Be careful of shrinks. If you say the wrong thing (or the right thing depending on your point of view), they will call the cops and put you in the psych ward. There really are shrinks out there who view their job the same way an asshole cop does: whatever it takes to keep the streets free of dirt. Mr. Bad Vibes must not be allowed on television figuratively, or on the 6 o’clock news. Judge, jury, sometimes executioner.

I just watched I’m Not There, Todd Haynes’ brilliant film about Bob Dylan’s life in the 60s and early 70s. Yes, it’s brilliant. I’m listening to Dylan’s 1966 “Royal Albert Hall” concert. I’m behind the curve and need to stay up on these things when they hit the theaters.
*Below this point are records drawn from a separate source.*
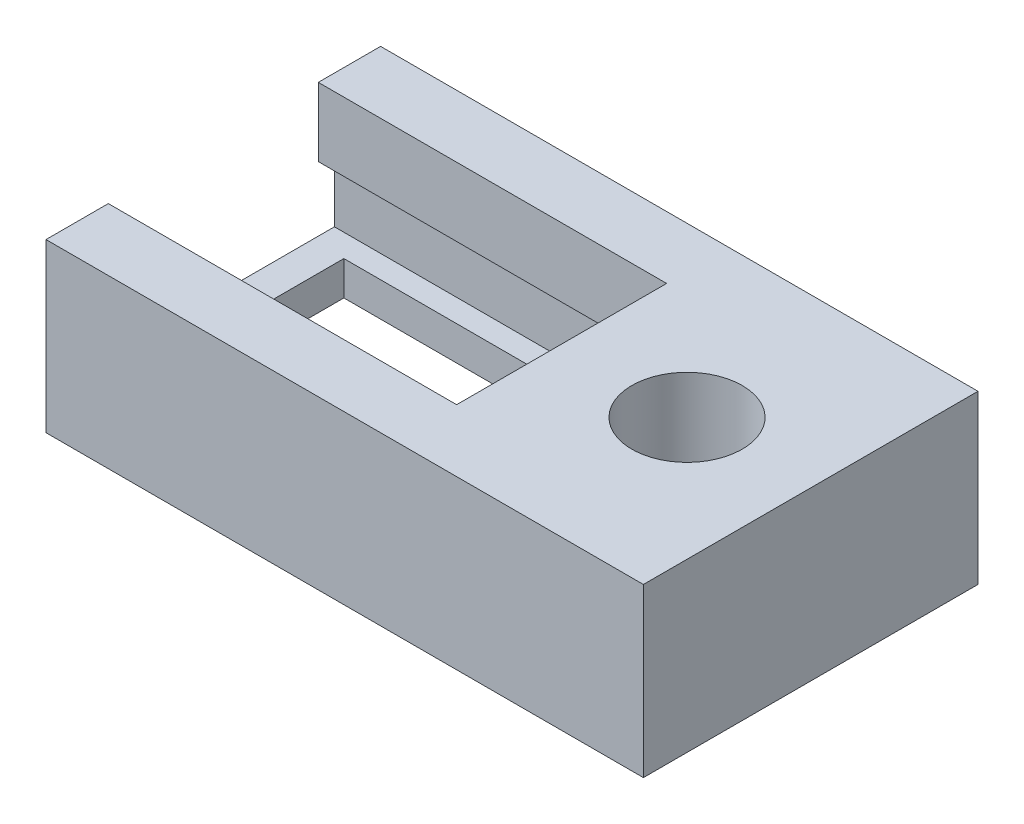
ISO-10303-21;
HEADER;
FILE_DESCRIPTION(('STEP AP214'),'2;1');
FILE_NAME('part.step','',(''),(''),'','','');
FILE_SCHEMA(('AUTOMOTIVE_DESIGN { 1 0 10303 214 1 1 1 1 }'));
ENDSEC;
DATA;
#1=APPLICATION_CONTEXT('core data for automotive mechanical design processes');
#2=APPLICATION_PROTOCOL_DEFINITION('international standard','automotive_design',2000,#1);
#3=PRODUCT_CONTEXT('',#1,'mechanical');
#4=PRODUCT('Part','Part','',(#3));
#5=PRODUCT_RELATED_PRODUCT_CATEGORY('part','',(#4));
#6=PRODUCT_DEFINITION_FORMATION('','',#4);
#7=PRODUCT_DEFINITION_CONTEXT('part definition',#1,'design');
#8=PRODUCT_DEFINITION('design','',#6,#7);
#9=PRODUCT_DEFINITION_SHAPE('','',#8);
#10=(LENGTH_UNIT() NAMED_UNIT(*) SI_UNIT(.MILLI.,.METRE.));
#11=(NAMED_UNIT(*) PLANE_ANGLE_UNIT() SI_UNIT($,.RADIAN.));
#12=(NAMED_UNIT(*) SI_UNIT($,.STERADIAN.) SOLID_ANGLE_UNIT());
#13=UNCERTAINTY_MEASURE_WITH_UNIT(LENGTH_MEASURE(1.E-05),#10,'distance_accuracy_value','');
#14=(GEOMETRIC_REPRESENTATION_CONTEXT(3) GLOBAL_UNCERTAINTY_ASSIGNED_CONTEXT((#13)) GLOBAL_UNIT_ASSIGNED_CONTEXT((#10,
#11,#12)) REPRESENTATION_CONTEXT('',''));
#15=CARTESIAN_POINT('',(0.,0.,0.));
#16=DIRECTION('',(0.,0.,1.));
#17=DIRECTION('',(1.,0.,0.));
#18=AXIS2_PLACEMENT_3D('',#15,#16,#17);
#19=CARTESIAN_POINT('',(-2.85370671793953,5.,5.));
#20=DIRECTION('',(1.,0.,0.));
#21=DIRECTION('',(0.,0.,-1.));
#22=AXIS2_PLACEMENT_3D('',#19,#20,#21);
#23=PLANE('',#22);
#24=DIRECTION('',(0.,-1.,0.));
#25=VECTOR('',#24,1.);
#26=CARTESIAN_POINT('',(-2.85370671793953,5.,-3.13772099917543));
#27=LINE('',#26,#25);
#28=CARTESIAN_POINT('',(-2.85370671793953,5.,-3.13772099917543));
#29=VERTEX_POINT('',#28);
#30=CARTESIAN_POINT('',(-2.85370671793953,2.94806403711325,-3.13772099917543));
#31=VERTEX_POINT('',#30);
#32=EDGE_CURVE('E255',#29,#31,#27,.T.);
#33=ORIENTED_EDGE('',*,*,#32,.F.);
#34=DIRECTION('',(0.,0.,1.));
#35=VECTOR('',#34,1.);
#36=CARTESIAN_POINT('',(-2.85370671793953,5.,5.));
#37=LINE('',#36,#35);
#38=CARTESIAN_POINT('',(-2.85370671793952,5.,-5.));
#39=VERTEX_POINT('',#38);
#40=EDGE_CURVE('E316',#39,#29,#37,.T.);
#41=ORIENTED_EDGE('',*,*,#40,.F.);
#42=DIRECTION('',(0.,-1.,0.));
#43=VECTOR('',#42,1.);
#44=CARTESIAN_POINT('',(-2.85370671793952,5.,-5.));
#45=LINE('',#44,#43);
#46=CARTESIAN_POINT('',(-2.85370671793952,0.,-5.));
#47=VERTEX_POINT('',#46);
#48=EDGE_CURVE('E349',#39,#47,#45,.T.);
#49=ORIENTED_EDGE('',*,*,#48,.T.);
#50=DIRECTION('',(0.,0.,1.));
#51=VECTOR('',#50,1.);
#52=CARTESIAN_POINT('',(-2.85370671793953,0.,5.));
#53=LINE('',#52,#51);
#54=CARTESIAN_POINT('',(-2.85370671793953,0.,5.));
#55=VERTEX_POINT('',#54);
#56=EDGE_CURVE('E330',#47,#55,#53,.T.);
#57=ORIENTED_EDGE('',*,*,#56,.T.);
#58=DIRECTION('',(0.,-1.,0.));
#59=VECTOR('',#58,1.);
#60=CARTESIAN_POINT('',(-2.85370671793953,5.,5.));
#61=LINE('',#60,#59);
#62=CARTESIAN_POINT('',(-2.85370671793953,5.,5.));
#63=VERTEX_POINT('',#62);
#64=EDGE_CURVE('E345',#63,#55,#61,.T.);
#65=ORIENTED_EDGE('',*,*,#64,.F.);
#66=CARTESIAN_POINT('',(-2.85370671793953,5.,3.13772099917543));
#67=VERTEX_POINT('',#66);
#68=EDGE_CURVE('E314',#67,#63,#37,.T.);
#69=ORIENTED_EDGE('',*,*,#68,.F.);
#70=DIRECTION('',(0.,1.,0.));
#71=VECTOR('',#70,1.);
#72=CARTESIAN_POINT('',(-2.85370671793953,5.,3.13772099917543));
#73=LINE('',#72,#71);
#74=CARTESIAN_POINT('',(-2.85370671793953,2.94806403711325,3.13772099917543));
#75=VERTEX_POINT('',#74);
#76=EDGE_CURVE('E246',#75,#67,#73,.T.);
#77=ORIENTED_EDGE('',*,*,#76,.F.);
#78=DIRECTION('',(0.,0.,-1.));
#79=VECTOR('',#78,1.);
#80=CARTESIAN_POINT('',(-2.85370671793953,2.94806403711325,3.48));
#81=LINE('',#80,#79);
#82=CARTESIAN_POINT('',(-2.85370671793953,2.94806403711325,3.48));
#83=VERTEX_POINT('',#82);
#84=EDGE_CURVE('E267',#83,#75,#81,.T.);
#85=ORIENTED_EDGE('',*,*,#84,.F.);
#86=DIRECTION('',(0.,1.,0.));
#87=VECTOR('',#86,1.);
#88=CARTESIAN_POINT('',(-2.85370671793953,1.02,3.48));
#89=LINE('',#88,#87);
#90=CARTESIAN_POINT('',(-2.85370671793953,1.02,3.48));
#91=VERTEX_POINT('',#90);
#92=EDGE_CURVE('E287',#91,#83,#89,.T.);
#93=ORIENTED_EDGE('',*,*,#92,.F.);
#94=DIRECTION('',(0.,0.,1.));
#95=VECTOR('',#94,1.);
#96=CARTESIAN_POINT('',(-2.85370671793953,1.02,3.48));
#97=LINE('',#96,#95);
#98=CARTESIAN_POINT('',(-2.85370671793953,1.02,-3.62));
#99=VERTEX_POINT('',#98);
#100=EDGE_CURVE('E284',#99,#91,#97,.T.);
#101=ORIENTED_EDGE('',*,*,#100,.F.);
#102=DIRECTION('',(0.,-1.,0.));
#103=VECTOR('',#102,1.);
#104=CARTESIAN_POINT('',(-2.85370671793953,1.02,-3.62));
#105=LINE('',#104,#103);
#106=CARTESIAN_POINT('',(-2.85370671793953,2.94806403711325,-3.62));
#107=VERTEX_POINT('',#106);
#108=EDGE_CURVE('E261',#107,#99,#105,.T.);
#109=ORIENTED_EDGE('',*,*,#108,.F.);
#110=EDGE_CURVE('E291',#31,#107,#81,.T.);
#111=ORIENTED_EDGE('',*,*,#110,.F.);
#112=EDGE_LOOP('',(#33,#41,#49,#57,#65,#69,#77,#85,#93,#101,#109,#111));
#113=FACE_BOUND('',#112,.T.);
#114=ADVANCED_FACE('F45',(#113),#23,.F.);
#115=CARTESIAN_POINT('',(0.,5.,0.));
#116=DIRECTION('',(0.,-1.,0.));
#117=DIRECTION('',(0.,0.,-1.));
#118=AXIS2_PLACEMENT_3D('',#115,#116,#117);
#119=PLANE('',#118);
#120=CARTESIAN_POINT('',(11.3268693268383,5.,0.0230991374057218));
#121=DIRECTION('',(0.,-1.,0.));
#122=DIRECTION('',(0.,0.,-1.));
#123=AXIS2_PLACEMENT_3D('',#120,#121,#122);
#124=CIRCLE('',#123,1.65);
#125=CARTESIAN_POINT('',(11.3268693268383,5.,-1.62690086259428));
#126=VERTEX_POINT('',#125);
#127=EDGE_CURVE('E219',#126,#126,#124,.T.);
#128=ORIENTED_EDGE('',*,*,#127,.T.);
#129=EDGE_LOOP('',(#128));
#130=FACE_BOUND('',#129,.T.);
#131=DIRECTION('',(-1.,0.,0.));
#132=VECTOR('',#131,1.);
#133=CARTESIAN_POINT('',(0.,5.,-3.13772099917543));
#134=LINE('',#133,#132);
#135=CARTESIAN_POINT('',(7.55639633478555,5.,-3.13772099917543));
#136=VERTEX_POINT('',#135);
#137=EDGE_CURVE('E258',#136,#29,#134,.T.);
#138=ORIENTED_EDGE('',*,*,#137,.F.);
#139=DIRECTION('',(0.,0.,-1.));
#140=VECTOR('',#139,1.);
#141=CARTESIAN_POINT('',(7.55639633478555,5.,0.));
#142=LINE('',#141,#140);
#143=CARTESIAN_POINT('',(7.55639633478555,5.,3.13772099917543));
#144=VERTEX_POINT('',#143);
#145=EDGE_CURVE('E11',#144,#136,#142,.T.);
#146=ORIENTED_EDGE('',*,*,#145,.F.);
#147=DIRECTION('',(1.,0.,0.));
#148=VECTOR('',#147,1.);
#149=CARTESIAN_POINT('',(0.,5.,3.13772099917543));
#150=LINE('',#149,#148);
#151=EDGE_CURVE('E249',#67,#144,#150,.T.);
#152=ORIENTED_EDGE('',*,*,#151,.F.);
#153=ORIENTED_EDGE('',*,*,#68,.T.);
#154=DIRECTION('',(1.,0.,0.));
#155=VECTOR('',#154,1.);
#156=CARTESIAN_POINT('',(15.,5.,5.));
#157=LINE('',#156,#155);
#158=CARTESIAN_POINT('',(15.,5.,5.));
#159=VERTEX_POINT('',#158);
#160=EDGE_CURVE('E320',#63,#159,#157,.T.);
#161=ORIENTED_EDGE('',*,*,#160,.T.);
#162=DIRECTION('',(0.,0.,-1.));
#163=VECTOR('',#162,1.);
#164=CARTESIAN_POINT('',(15.,5.,-5.));
#165=LINE('',#164,#163);
#166=CARTESIAN_POINT('',(15.,5.,-5.));
#167=VERTEX_POINT('',#166);
#168=EDGE_CURVE('E323',#159,#167,#165,.T.);
#169=ORIENTED_EDGE('',*,*,#168,.T.);
#170=DIRECTION('',(-1.,0.,0.));
#171=VECTOR('',#170,1.);
#172=CARTESIAN_POINT('',(-2.85370671793952,5.,-5.));
#173=LINE('',#172,#171);
#174=EDGE_CURVE('E310',#167,#39,#173,.T.);
#175=ORIENTED_EDGE('',*,*,#174,.T.);
#176=ORIENTED_EDGE('',*,*,#40,.T.);
#177=EDGE_LOOP('',(#138,#146,#152,#153,#161,#169,#175,#176));
#178=FACE_BOUND('',#177,.T.);
#179=ADVANCED_FACE('F405',(#130,#178),#119,.F.);
#180=CARTESIAN_POINT('',(6.44629328206048,2.94806403711325,3.48));
#181=DIRECTION('',(0.,1.,0.));
#182=DIRECTION('',(0.,0.,1.));
#183=AXIS2_PLACEMENT_3D('',#180,#181,#182);
#184=PLANE('',#183);
#185=DIRECTION('',(1.,0.,0.));
#186=VECTOR('',#185,1.);
#187=CARTESIAN_POINT('',(6.44629328206048,2.94806403711325,-3.13772099917543));
#188=LINE('',#187,#186);
#189=CARTESIAN_POINT('',(6.44629328206048,2.94806403711325,-3.13772099917543));
#190=VERTEX_POINT('',#189);
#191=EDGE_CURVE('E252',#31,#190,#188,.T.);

Anyone with a creative life, who has ever been onstage for an extended gig and has ever had to answer for it, or maybe if you’ve been a critic parsing someone else’s jello nailed to the wall — should have an appreciation for this film. If you’ve ever studied film, this is one for the books. The internets have enough written about it already. Do a google┬«.

In the commentary, Haynes throws out some zingers during the credits regarding freedom. I believe these were credited to Ginsberg and Rimbaud. “You are free only as long as you are free to say no.” And “No one is free. Even the birds are imprisoned by the sky.”

This brings me full circle to crap I usually talk about in this blog: politics. Bush’s insane “conservative” budget was ramped not just by the war on terror, but by a domestic spying program and police state (severe crowd control techniques) designed to intimidate naysayers into silence, as well as an expensive public relations effort designed to overwhelm naysayers and keep them out of mainstream media. I’m dead certain John McCain would continue expanding these mostly needless expenses that basically burn money and manufacture nothing — a largely overlooked black hole in the American economy. A transparent administration wouldn’t need such frivolity. Barack Obama appreciates that freedom without security is meaningless whereas security without freedom is an oxymoron. Obama embraces dialog and that is a breath of fresh air I can believe in.

George Bush has been the world’s (fascist) asshole cop long enough and needs to get in the shrink chair.